Boutique Hotel
Interior Design
Our firm has been doing boutique hotel work in the American Southwest for nine years now.
We started in Santa Fe. That city has strict building codes about adobe and regional style – you can't just put up anything you want. I actually like that.
Boutique hotels are not big hotel chains. They are small. Twenty rooms, thirty rooms. The one we just finished in Tucson has seventeen. The lobby is smaller than most people's living rooms. That's the point.
- reclaimed wood
- local stone
- handwoven textiles
- wrought iron hardware
"A hotel in New Mexico should feel like New Mexico."
The whole idea is that a hotel in New Mexico should feel like New Mexico.
Not like it was designed in some office in New York and dropped there. We've lost projects because clients wanted something "more universal." We don't do universal.
The Furniture
We buy most of our furniture from salvage yards and small makers within a 200-mile radius. Old ranch pieces. Mesquite. Pine that's been sitting in barns for sixty years. Heavy stuff. Real joinery. We're not putting particle board in a hotel room.
The Textiles
For textiles, we work with weavers in Chimayó. They've been doing this for generations. Wool blankets, rugs, pillow covers. The colors come from the region – rust, sage, that particular brown you see in the high desert. We've been buying from the same family since 2017.
about the tile work...
Mexican tile is everywhere in the Southwest. Talavera. You know it – the blue and yellow hand-painted stuff. We use it sparingly. A bathroom backsplash. The front desk surface. Covering an entire wall looks like a theme restaurant. We learned that the hard way on an early project.
Our tiles come from a workshop in Dolores Hidalgo. They ship to El Paso, we pick up from there. Each tile is hand-painted. Imperfect. Some of them have small chips. We use those ones anyway – they look better than perfect ones somehow.
the lighting thing...
Lighting can wreck a space. We've walked into beautiful rooms that feel like a dentist's office because someone put in 4000K LEDs. Cold and flat. Everything looks bad.
We stick to warm. 2700K, sometimes 2400K in bedrooms. Table lamps. Sconces. Floor lamps with linen shades. Almost no overhead fixtures in guest rooms – we just don't like them. The lobby gets one or two pendants. We hunt for vintage ones from the 1940s and 1950s when we can find them.
dealing with old structures...
Old buildings in the Southwest have their own issues. Adobe cracks. Vigas sag. Plumbing was added decades after construction and it shows.
We don't fight the building. A crack in a 1920s adobe wall isn't a problem – it's just what the wall does. What we fix: safety stuff, comfort stuff, things that actually don't work. A sagging beam gets sistered. A crack gets sealed but not hidden.

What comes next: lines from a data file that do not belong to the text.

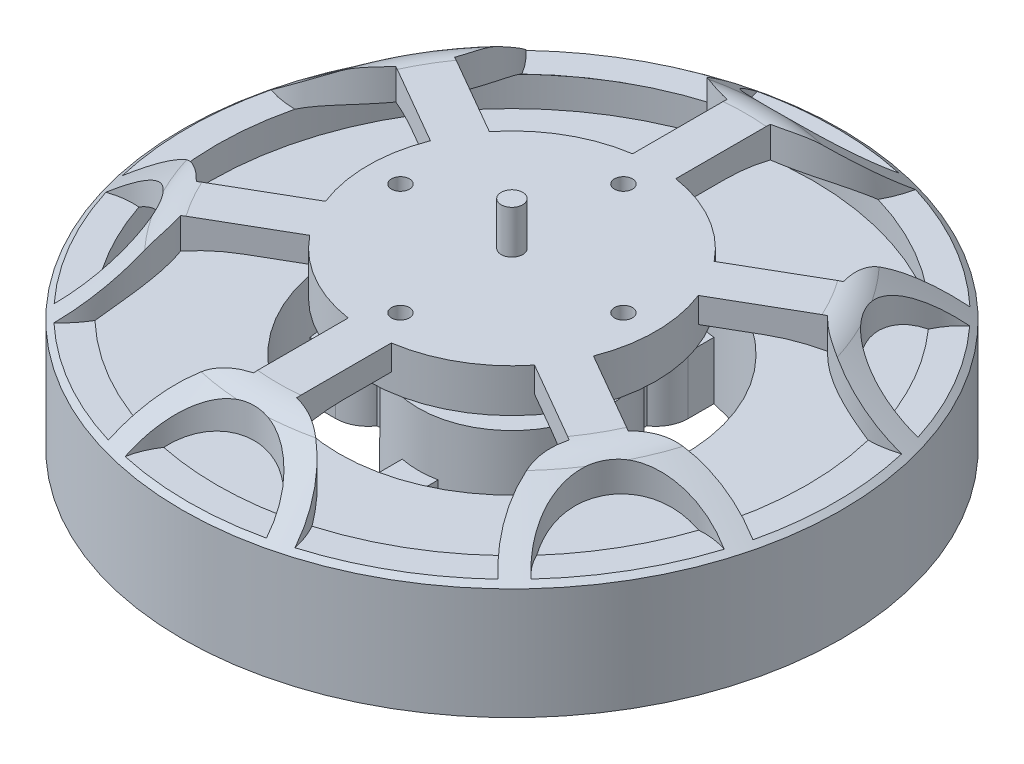
SolidWorks part; units mm, degrees
ref_plane "Front Plane" through (0, 0, 0) normal (0, 0, 1) x (1, 0, 0)
ref_plane "Top Plane" through (0, 0, 0) normal (0, 1, 0) x (1, 0, 0)
ref_plane "Right Plane" through (0, 0, 0) normal (1, 0, 0) x (0, 0, -1)
ref_axis "Axis1" through (0, 40.089, 0) along (0, -1, 0)
sketch "Sketch1" plane through (0, 0, 0) normal (0, 0, 1) x (1, 0, 0)
  line L0 (0, 0) -> (9.65, 0)
  line L1 (9.65, 0) -> (9.65, 3.93)
  line L2 (9.65, 3.93) -> (27.5, 3.93)
  line L3 (27.5, 3.93) -> (45.83, 8.08)
  line L4 (45.83, 8.08) -> (45.83, 23.58)
  line L5 (45.83, 23.58) -> (36.1322, 30.9557)
  line L6 (32.5, 32.18) -> (1.5, 32.18)
  line L7 (1.5, 32.18) -> (1.5, 38.18)
  line L8 (1.5, 38.18) -> (0, 38.18)
  line L9 (0, 38.18) -> (0, 0) construction
  line L10 (0, 0) -> (0, 38.18)
  arc A0 (36.1322, 30.9557) -> (32.5, 32.18) centre (32.5, 26.18) ccw
  dimension "D10" = 6
  dimension "D1" = 3
  dimension "D2" = 6
  dimension "D3" = 28.25
  dimension "D4" = 3.93
  dimension "D5" = 19.3
  dimension "D6" = 4.15
  dimension "D7" = 91.66
  dimension "D8" = 55
  dimension "D9" = 65
  dimension "D11" = 15.5
revolve "Revolve1" add sketch "Sketch1" angle 360 about L9
sketch "Sketch2" plane through (0, 3.93, 0) normal (0, -1, 0) x (1, 0, 0)
  line L0 (0, 0) -> (0, 27.5) construction
  line L1 (2.5, 12.7574) -> (2.5, 16.2583)
  line L2 (4.5, 20) -> (4.5, 23.5744)
  line L3 (0, 0) -> (16.9706, 16.9706) construction
  line L4 (20, 4.5) -> (23.5744, 4.5)
  line L5 (12.7574, 2.5) -> (16.2583, 2.5)
  line L6 (20, -4.5) -> (23.5744, -4.5)
  line L7 (4.5, -20) -> (4.5, -23.5744)
  line L8 (2.5, -12.7574) -> (2.5, -16.2583)
  line L9 (12.7574, -2.5) -> (16.2583, -2.5)
  line L10 (-4.5, -20) -> (-4.5, -23.5744)
  line L11 (-20, -4.5) -> (-23.5744, -4.5)
  line L12 (-12.7574, -2.5) -> (-16.2583, -2.5)
  line L13 (-2.5, -12.7574) -> (-2.5, -16.2583)
  line L14 (-20, 4.5) -> (-23.5744, 4.5)
  line L15 (-4.5, 20) -> (-4.5, 23.5744)
  line L16 (-2.5, 12.7574) -> (-2.5, 16.2583)
  line L17 (-12.7574, 2.5) -> (-16.2583, 2.5)
  arc A0 (4.5, 23.5744) -> (23.5744, 4.5) centre (0, 0) cw
  arc A1 (4.5, 20) -> (2.5, 16.2583) centre (0, 20) cw
  arc A2 (2.5, 12.7574) -> (12.7574, 2.5) centre (0, 0) cw
  circle A3 centre (0, 0) radius 27.5 construction
  arc A4 (20, 4.5) -> (16.2583, 2.5) centre (20, 0) ccw
  arc A5 (20, -4.5) -> (16.2583, -2.5) centre (20, 0) cw
  arc A6 (23.5744, -4.5) -> (4.5, -23.5744) centre (0, 0) cw
  arc A7 (4.5, -20) -> (2.5, -16.2583) centre (0, -20) ccw
  arc A8 (12.7574, -2.5) -> (2.5, -12.7574) centre (0, 0) cw
  arc A9 (-4.5, -20) -> (-2.5, -16.2583) centre (0, -20) cw
  arc A10 (-4.5, -23.5744) -> (-23.5744, -4.5) centre (0, 0) cw
  arc A11 (-20, -4.5) -> (-16.2583, -2.5) centre (-20, 0) ccw
  arc A12 (-2.5, -12.7574) -> (-12.7574, -2.5) centre (0, 0) cw
  arc A13 (-20, 4.5) -> (-16.2583, 2.5) centre (-20, 0) cw
  arc A14 (-23.5744, 4.5) -> (-4.5, 23.5744) centre (0, 0) cw
  arc A15 (-4.5, 20) -> (-2.5, 16.2583) centre (0, 20) ccw
  arc A16 (-12.7574, 2.5) -> (-2.5, 12.7574) centre (0, 0) cw
  point P4 (0, 20)
  point P51 (0, 0)
  dimension "D2" = 13
  dimension "D5" = 24
  dimension "D1" = 20
  dimension "D3" = 5
  dimension "D4" = 9
  dimension "D6" = 45
  dimension "D7" = 4
hole_wizard "M4x0.7 Tapped Hole1" positions "3DSketch1" profile "Sketch4" tap size "M4x0.7" standard "ANSI Metric"
sketch3d "3DSketch1"
  point P0 (-20, 3.93, 0)
  point P3 (0, 3.93, 20)
  point P6 (20, 3.93, 0)
  point P9 (0, 3.93, -20)
sketch "Sketch4" plane through (-20, 3.93, 0) normal (1, 0, 0) x (0, 0, -1)
  line L0 (0, 0) -> (0, 8.9914)
  line L1 (0, 8.9914) -> (1.65, 8)
  line L2 (1.65, 8) -> (1.65, 0)
  line L5 (1.65, 0) -> (0, 0)
  line L10 (0, 8.9914) -> (-1.65, 8) construction
  line L11 (0, -6.35) -> (0, 107.95) construction
  dimension "Tap Drill Dia." = 3.3
  dimension "Tap Drill Depth" = 8
  dimension "Drill Angle" = 118
cosmetic thread "Hole Thread1" parameters "D1"=7.874, "D2"=4
cosmetic thread "Hole Thread2" parameters "D1"=7.874, "D2"=4
cosmetic thread "Hole Thread3" parameters "D1"=7.874, "D2"=4
cosmetic thread "Hole Thread4" parameters "D1"=7.874, "D2"=4
extrude "Cut-Extrude1" cut sketch "Sketch2" against normal blind 8
sketch "Sketch5" plane through (0, 0, 0) normal (0, 0, 1) x (1, 0, 0)
  line L0 (24, 19.43) -> (41.83, 19.43)
  line L1 (-27.5, 3.93) -> (27.5, 3.93) construction
  line L2 (41.83, 19.43) -> (41.83, 23.58)
  line L3 (45.83, 8.08) -> (45.83, 23.58) construction
  line L4 (10, 19.43) -> (13, 19.43)
  line L5 (13, 19.43) -> (13, 11.93)
  line L6 (13, 11.93) -> (24, 11.93)
  line L7 (24, 11.93) -> (24, 19.43)
  line L8 (0, 40.089) -> (0, -1.909) construction
  line L9 (4.5, 11.93) -> (23.5744, 11.93) construction
  line L10 (45.83, 23.58) -> (-45.83, 23.58) construction
  line L11 (20, 28.68) -> (26.6996, 28.68)
  line L12 (32.5, 32.18) -> (-32.5, 32.18) construction
  line L13 (41.83, 23.58) -> (45.83, 20.5378) construction
  line L14 (45.83, 23.58) -> (36.1322, 30.9557) construction
  line L15 (20, 28.68) -> (20, 26.18)
  line L16 (20, 26.18) -> (10, 26.18)
  line L17 (10, 26.18) -> (10, 19.43)
  arc A0 (26.6996, 28.68) -> (41.83, 23.58) centre (26.6996, 3.6861) cw
  dimension "D1" = 15.5
  dimension "D2" = 4
  dimension "D3" = 13
  dimension "D4" = 24
  dimension "D5" = 3.5
  dimension "D6" = 20
  dimension "D7" = 6
  dimension "D8" = 10
revolve "Cut-Revolve3" cut sketch "Sketch5" angle 360 about axis through (0, 40.089, 0) along (0, -1, 0)
sketch "Sketch6" plane through (0, 0, 0) normal (0, 1, 0) x (1, 0, 0)
  line L0 (-3, 19.7737) -> (-3, 32.9241)
  line L1 (3, 19.7737) -> (3, 32.9241)
  line L2 (-3, 19.7737) -> (3, 19.7737) construction
  line L3 (0, 45.83) -> (0, 35.83) construction
  line L4 (15.6245, 12.4849) -> (27.0131, 19.0601)
  line L5 (18.6245, 7.2888) -> (30.0131, 13.864)
  line L6 (15.6245, 12.4849) -> (18.6245, 7.2888) construction
  line L7 (39.6899, 22.915) -> (31.0297, 17.915) construction
  line L8 (18.6245, -7.2888) -> (30.0131, -13.864)
  line L9 (15.6245, -12.4849) -> (27.0131, -19.0601)
  line L10 (18.6245, -7.2888) -> (15.6245, -12.4849) construction
  line L11 (39.6899, -22.915) -> (31.0297, -17.915) construction
  line L12 (3, -19.7737) -> (3, -32.9241)
  line L13 (-3, -19.7737) -> (-3, -32.9241)
  line L14 (3, -19.7737) -> (-3, -19.7737) construction
  line L15 (0, -45.83) -> (0, -35.83) construction
  line L16 (-15.6245, -12.4849) -> (-27.0131, -19.0601)
  line L17 (-18.6245, -7.2888) -> (-30.0131, -13.864)
  line L18 (-15.6245, -12.4849) -> (-18.6245, -7.2888) construction
  line L19 (-39.6899, -22.915) -> (-31.0297, -17.915) construction
  line L20 (-18.6245, 7.2888) -> (-30.0131, 13.864)
  line L21 (-15.6245, 12.4849) -> (-27.0131, 19.0601)
  line L22 (-18.6245, 7.2888) -> (-15.6245, 12.4849) construction
  line L23 (-39.6899, 22.915) -> (-31.0297, 17.915) construction
  line L24 (0, 15.5) -> (15.5, 0) construction
  line L25 (15.5, 0) -> (0, -15.5) construction
  line L26 (0, -15.5) -> (-15.5, 0) construction
  line L27 (-15.5, 0) -> (0, 15.5) construction
  arc A1 (-9.9403, 44.739) -> (9.9403, 44.739) centre (0, 45.83) ccw
  circle A2 centre (0, 0) radius 45.83 construction
  arc A3 (-13.1108, 43.9146) -> (-3, 32.9241) centre (0, 45.83) ccw
  arc A4 (13.1108, 43.9146) -> (3, 32.9241) centre (0, 45.83) cw
  arc A5 (-13.1108, 43.9146) -> (-9.9403, 44.739) centre (0, 0) cw
  arc A6 (9.9403, 44.739) -> (13.1108, 43.9146) centre (0, 0) cw
  arc A7 (33.775, 30.9781) -> (43.7153, 13.7609) centre (39.6899, 22.915) ccw
  arc A8 (31.4758, 33.3116) -> (27.0131, 19.0601) centre (39.6899, 22.915) ccw
  arc A9 (44.5866, 10.603) -> (30.0131, 13.864) centre (39.6899, 22.915) cw
  arc A10 (31.4758, 33.3116) -> (33.775, 30.9781) centre (0, 0) cw
  arc A11 (43.7153, 13.7609) -> (44.5866, 10.603) centre (0, 0) cw
  arc A12 (43.7153, -13.7609) -> (33.775, -30.9781) centre (39.6899, -22.915) ccw
  arc A13 (44.5866, -10.603) -> (30.0131, -13.864) centre (39.6899, -22.915) ccw
  arc A14 (31.4758, -33.3116) -> (27.0131, -19.0601) centre (39.6899, -22.915) cw
  arc A15 (44.5866, -10.603) -> (43.7153, -13.7609) centre (0, 0) cw
  arc A16 (33.775, -30.9781) -> (31.4758, -33.3116) centre (0, 0) cw
  arc A17 (9.9403, -44.739) -> (-9.9403, -44.739) centre (0, -45.83) ccw
  arc A18 (13.1108, -43.9146) -> (3, -32.9241) centre (0, -45.83) ccw
  arc A19 (-13.1108, -43.9146) -> (-3, -32.9241) centre (0, -45.83) cw
  arc A20 (13.1108, -43.9146) -> (9.9403, -44.739) centre (0, 0) cw
  arc A21 (-9.9403, -44.739) -> (-13.1108, -43.9146) centre (0, 0) cw
  arc A22 (-33.775, -30.9781) -> (-43.7153, -13.7609) centre (-39.6899, -22.915) ccw
  arc A23 (-31.4758, -33.3116) -> (-27.0131, -19.0601) centre (-39.6899, -22.915) ccw
  arc A24 (-44.5866, -10.603) -> (-30.0131, -13.864) centre (-39.6899, -22.915) cw
  arc A25 (-31.4758, -33.3116) -> (-33.775, -30.9781) centre (0, 0) cw
  arc A26 (-43.7153, -13.7609) -> (-44.5866, -10.603) centre (0, 0) cw
  arc A27 (-43.7153, 13.7609) -> (-33.775, 30.9781) centre (-39.6899, 22.915) ccw
  arc A28 (-44.5866, 10.603) -> (-30.0131, 13.864) centre (-39.6899, 22.915) ccw
  arc A29 (-31.4758, 33.3116) -> (-27.0131, 19.0601) centre (-39.6899, 22.915) cw
  arc A30 (-44.5866, 10.603) -> (-43.7153, 13.7609) centre (0, 0) cw
  arc A31 (-33.775, 30.9781) -> (-31.4758, 33.3116) centre (0, 0) cw
  arc A32 (3, 19.7737) -> (15.6245, 12.4849) centre (0, 0) cw
  arc A33 (18.6245, 7.2888) -> (18.6245, -7.2888) centre (0, 0) cw
  arc A34 (15.6245, -12.4849) -> (3, -19.7737) centre (0, 0) cw
  arc A35 (-3, -19.7737) -> (-15.6245, -12.4849) centre (0, 0) cw
  arc A36 (-18.6245, -7.2888) -> (-18.6245, 7.2888) centre (0, 0) cw
  arc A37 (-3, 19.7737) -> (-15.6245, 12.4849) centre (0, 0) ccw
  point P0 (0, 19.7737)
  point P17 (0, 15.5)
  point P28 (15.5, 0)
  point P38 (0, -15.5)
  point P68 (0, 0)
  point P69 (-15.5, 0)
  dimension "D1" = 6
  dimension "D3" = 3.25
  dimension "D5" = 20
  dimension "D2" = 6
  dimension "D4" = 10
  dimension "D6" = 15.5
extrude "Cut-Extrude3" cut sketch "Sketch6" against normal blind 8 from surface flip side to cut starting at face at (0, 32.18, 1.5)
hole_wizard "M3x0.5 Tapped Hole1" positions "Sketch8" profile "Sketch10" tap size "M3x0.5" standard "ANSI Metric" end condition up to next
sketch "Sketch8" plane through (0, 32.18, 0) normal (0, 1, 0) x (1, 0, 0)
  point P0 (0, 15.5)
  point P3 (15.5, 0)
  point P6 (0, -15.5)
  point P9 (-15.5, 0)
sketch "Sketch10" plane through (0, 32.18, -15.5) normal (1, 0, 0) x (0, 0, 1)
  line L0 (0, 0) -> (0, 6)
  line L1 (0, 6) -> (1.25, 6)
  line L2 (1.25, 6) -> (1.25, 0)
  line L5 (1.25, 0) -> (0, 0)
  line L11 (0, -6.35) -> (0, 107.95) construction
  dimension "Thru Tap Drill Dia." = 2.5
  dimension "Thru Tap Drill Depth" = 6
cosmetic thread "Hole Thread5" parameters "D2"=3
cosmetic thread "Hole Thread6" parameters "D2"=3
cosmetic thread "Hole Thread7" parameters "D2"=3
cosmetic thread "Hole Thread8" parameters "D2"=3
equation "\"INTERIOR_STATOR_BORE_OD\"= 48MM"
equation "\"INTERIOR_STATOR_BORE_ID\"= 26mm"
equation "\"D5@Sketch2\"=\"INTERIOR_STATOR_BORE_OD\"/2"
equation "\"D2@Sketch2\"=\"INTERIOR_STATOR_BORE_ID\"/2"
equation "\"D3@Sketch5\"=\"INTERIOR_STATOR_BORE_ID\"/2"
equation "\"D4@Sketch5\"=\"INTERIOR_STATOR_BORE_OD\"/2"

The property we finished in Old Town Albuquerque last year had original brick floors. Uneven. Some bricks were cracked. We cleaned them, sealed them, left them alone. New tile would have been faster. Would have looked like every other renovation. The client pushed back at first. Now she sends us photos of guests taking pictures of those floors.
our vendor situation
We keep a list. Forty-one vendors right now. Salvage dealers, furniture makers, tile sources, metalworkers, electricians who won't panic when they see old wiring. Took us years to find all of them. We don't share this list with competitors.
If you're starting a firm that does this kind of work, make your own list. Drive out to the workshops. Shake hands. Watch people work. It takes a looong time. Nobody's going to hand it to you.